Friday, December 14, 2012

Pod Change Night

It is pod change night again. It's always pod change night. Okay, every three nights is pod change night, but I swear we just did this last night.

I hear it calling to me in my sleep ... beep beep, beep beep ... beep beep, beep beep ...

Diabetes never ends. Ever.

Wednesday, December 12, 2012

Extreme Responsibility: Diabetes Edition

One joy of the potty-trained child, bottle-weaned child is not having to carry a diaper bag around. You go from lugging a huge sack of crap on your shoulder every time you leave the house to, maybe, a spare change of clothes in the trunk. It is a glorious thing!

Diabetes, though, brings back the bag. We do not leave the house without her insulin pump controller, back-up batteries, blood sugar test strips, lancets, insulin, a back-up syringe, a back-up pump, alcohol wipes, a glucagon injection, a juice box, and glucose tablets. From place to place, location to location, we drag around a bag to hold all of these supplies. Granted the supplies are small, so unlike a diaper bag, the diabetes bag in small. However, unlike the diaper bag, there is a great sense of responsibility. Inside are over $1000 of medical supplies which quite literally keep C alive.

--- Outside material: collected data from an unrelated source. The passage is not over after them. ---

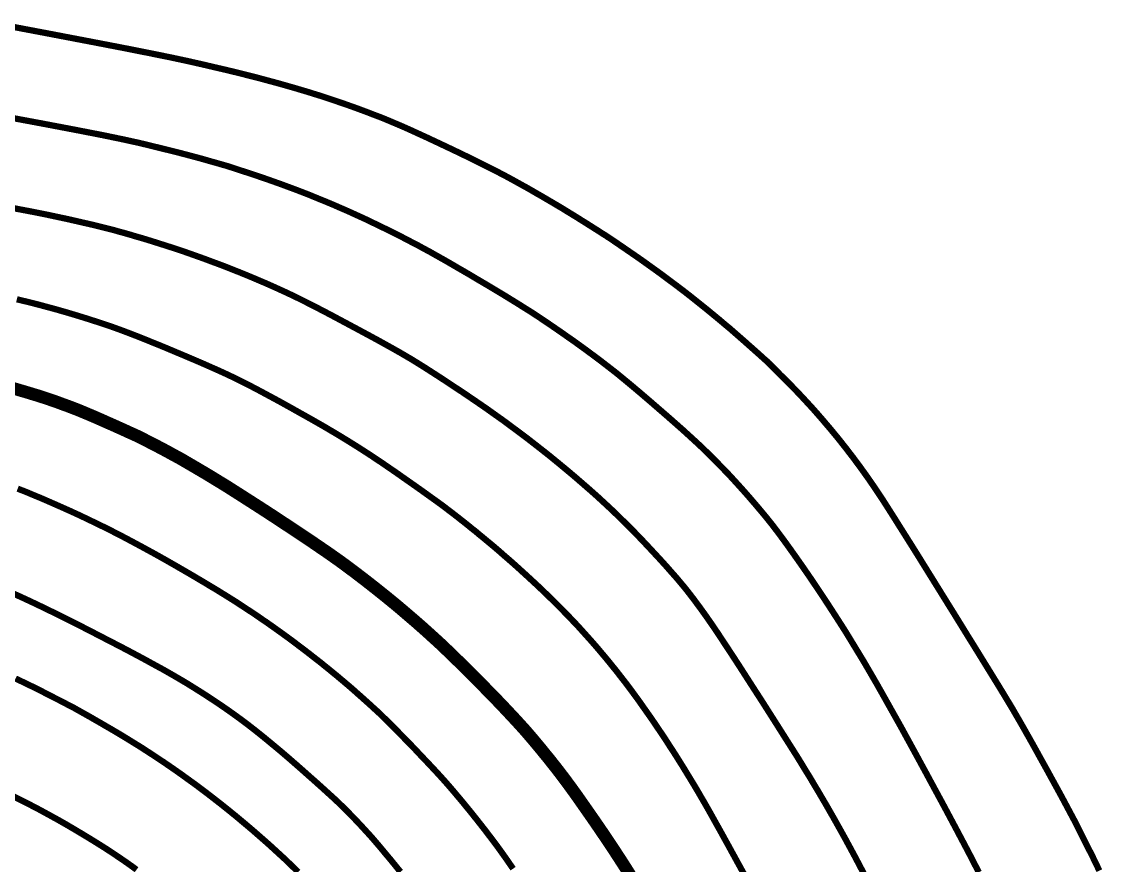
# Model space of a CAD drawing. Extents: x 36524600 to 36525730, y 2746759 to 2747713.
# Drawn here: x 36525178.69 to 36525191.65, y 2747394.87 to 2747405 of the extents above; entities that cross this region are included whole.
import ezdxf

# ---------------------------------------------------------------- set-up
doc = ezdxf.new("R2010")
doc.units = 0
doc.header["$LTSCALE"] = 1000
doc.header["$MEASUREMENT"] = 0
doc.layers.add('DGX', color=251, linetype='Continuous')

# ---------------------------------------------------------------- blocks, each defined once
blk = doc.blocks.new('dxt')
at = {"layer": 'DGX', "color": 253, "linetype": 'Continuous', "flags": 128}
for points, const_width in [([(36525178.446, 2747404.962), (36525179.005, 2747404.856), (36525179.487, 2747404.764), (36525179.892, 2747404.686), (36525180.22, 2747404.621), (36525180.471, 2747404.57), (36525180.644, 2747404.533), (36525180.774, 2747404.504), (36525180.896, 2747404.476), (36525181.01, 2747404.449), (36525181.115, 2747404.425), (36525181.211, 2747404.402), (36525181.3, 2747404.38), (36525181.379, 2747404.36), (36525181.451, 2747404.342), (36525181.518, 2747404.325), (36525181.584, 2747404.307), (36525181.651, 2747404.289), (36525181.718, 2747404.271), (36525181.784, 2747404.253), (36525181.85, 2747404.234), (36525181.917, 2747404.215), (36525181.983, 2747404.196), (36525182.049, 2747404.176), (36525182.114, 2747404.157), (36525182.18, 2747404.136), (36525182.246, 2747404.116), (36525182.311, 2747404.095), (36525182.376, 2747404.073), (36525182.442, 2747404.051), (36525182.507, 2747404.029), (36525182.572, 2747404.007), (36525182.636, 2747403.984), (36525182.701, 2747403.961), (36525182.765, 2747403.937), (36525182.83, 2747403.913), (36525182.894, 2747403.888), (36525182.958, 2747403.864), (36525183.022, 2747403.839), (36525183.09, 2747403.811), (36525183.165, 2747403.779), (36525183.248, 2747403.744), (36525183.338, 2747403.704), (36525183.436, 2747403.659), (36525183.541, 2747403.611), (36525183.654, 2747403.558), (36525183.775, 2747403.501), (36525183.895, 2747403.444), (36525184.007, 2747403.39), (36525184.112, 2747403.339), (36525184.208, 2747403.291), (36525184.296, 2747403.247), (36525184.377, 2747403.206), (36525184.449, 2747403.168), (36525184.514, 2747403.134), (36525184.574, 2747403.101), (36525184.634, 2747403.068), (36525184.695, 2747403.034), (36525184.755, 2747403.001), (36525184.814, 2747402.967), (36525184.874, 2747402.932), (36525184.934, 2747402.898), (36525184.993, 2747402.863), (36525185.053, 2747402.828), (36525185.112, 2747402.793), (36525185.171, 2747402.758), (36525185.229, 2747402.722), (36525185.288, 2747402.686), (36525185.347, 2747402.65), (36525185.405, 2747402.613), (36525185.463, 2747402.577), (36525185.518, 2747402.542), (36525185.567, 2747402.511), (36525185.61, 2747402.484), (36525185.646, 2747402.46), (36525185.677, 2747402.441), (36525185.701, 2747402.426), (36525185.718, 2747402.414), (36525185.73, 2747402.407), (36525185.742, 2747402.399), (36525185.76, 2747402.387), (36525185.785, 2747402.37), (36525185.817, 2747402.348), (36525185.855, 2747402.322), (36525185.899, 2747402.292), (36525185.95, 2747402.257), (36525186.008, 2747402.217), (36525186.069, 2747402.175), (36525186.129, 2747402.133), (36525186.189, 2747402.09), (36525186.249, 2747402.047), (36525186.309, 2747402.004), (36525186.369, 2747401.96), (36525186.428, 2747401.916), (36525186.487, 2747401.872), (36525186.546, 2747401.828), (36525186.605, 2747401.783), (36525186.664, 2747401.738), (36525186.722, 2747401.692), (36525186.78, 2747401.646), (36525186.837, 2747401.6), (36525186.895, 2747401.554), (36525186.952, 2747401.507), (36525187.009, 2747401.46), (36525187.066, 2747401.413), (36525187.122, 2747401.365), (36525187.179, 2747401.318), (36525187.235, 2747401.269), (36525187.29, 2747401.221), (36525187.346, 2747401.172), (36525187.401, 2747401.123), (36525187.453, 2747401.077), (36525187.498, 2747401.037), (36525187.536, 2747401.003), (36525187.567, 2747400.975), (36525187.591, 2747400.953), (36525187.609, 2747400.937), (36525187.62, 2747400.928), (36525187.624, 2747400.924), (36525187.628, 2747400.921), (36525187.638, 2747400.91), (36525187.655, 2747400.894), (36525187.678, 2747400.871), (36525187.708, 2747400.841), (36525187.744, 2747400.805), (36525187.786, 2747400.762), (36525187.836, 2747400.713), (36525187.888, 2747400.661), (36525187.94, 2747400.608), (36525187.991, 2747400.555), (36525188.042, 2747400.501), (36525188.092, 2747400.447), (36525188.142, 2747400.393), (36525188.192, 2747400.338), (36525188.241, 2747400.282), (36525188.289, 2747400.227), (36525188.337, 2747400.17), (36525188.385, 2747400.114), (36525188.432, 2747400.057), (36525188.479, 2747400), (36525188.525, 2747399.942), (36525188.571, 2747399.884), (36525188.616, 2747399.825), (36525188.661, 2747399.767), (36525188.705, 2747399.707), (36525188.749, 2747399.648), (36525188.792, 2747399.588), (36525188.835, 2747399.528), (36525188.877, 2747399.467), (36525188.919, 2747399.406), (36525188.96, 2747399.344), (36525189.009, 2747399.271), (36525189.071, 2747399.174), (36525189.148, 2747399.053), (36525189.239, 2747398.908), (36525189.345, 2747398.74), (36525189.465, 2747398.548), (36525189.599, 2747398.332), (36525189.748, 2747398.092), (36525189.897, 2747397.852), (36525190.03, 2747397.636), (36525190.15, 2747397.443), (36525190.254, 2747397.274), (36525190.344, 2747397.128), (36525190.419, 2747397.006), (36525190.479, 2747396.907), (36525190.525, 2747396.831), (36525190.566, 2747396.763), (36525190.61, 2747396.687), (36525190.659, 2747396.603), (36525190.712, 2747396.51), (36525190.769, 2747396.409), (36525190.831, 2747396.299), (36525190.896, 2747396.181), (36525190.966, 2747396.055), (36525191.035, 2747395.929), (36525191.1, 2747395.811), (36525191.16, 2747395.701), (36525191.215, 2747395.598), (36525191.265, 2747395.504), (36525191.311, 2747395.418), (36525191.351, 2747395.339), (36525191.387, 2747395.269), (36525191.419, 2747395.205), (36525191.448, 2747395.147), (36525191.474, 2747395.095), (36525191.497, 2747395.049), (36525191.518, 2747395.009), (36525191.535, 2747394.974), (36525191.549, 2747394.945), (36525191.56, 2747394.922), (36525191.573, 2747394.896), (36525191.591, 2747394.858), (36525191.614, 2747394.808)], 0.075), ([(36525178.442, 2747403.867), (36525178.926, 2747403.777), (36525179.331, 2747403.7), (36525179.66, 2747403.636), (36525179.91, 2747403.584), (36525180.083, 2747403.546), (36525180.213, 2747403.515), (36525180.334, 2747403.485), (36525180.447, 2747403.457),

Also, because I am crazy, I don't carry around the bag ... I have the 5-year-old diabetic do it. I purposefully chose a messenger-style bag so it would be easy for her to carry. It may be an extreme lesson in responsibility, and perhaps a large weight for a 5-year-old to carry, but I can assure you of two things:
  1. She doesn't feel the weight of responsibility like I do. To her it's just her diabetes bag, not all that other stressful money/life-line stuff.
  2. It is something she has to get used to. She will have diabetes until there is a cure. And while that will happen in her lifetime, it won't happen tomorrow, so she needs to get used to caring and keeping up with her supplies.
I'd love to ditch the bag and let her be a kid who just has to keep up with her jacket, but this is the reality of diabetes - needing supplies on hand 24/7 no matter where you are. So I at least let her pick out her own fabric and had a friend help me make a bag that she is proud to carry - at least until she gets too old for Sprinkles and Sparkles.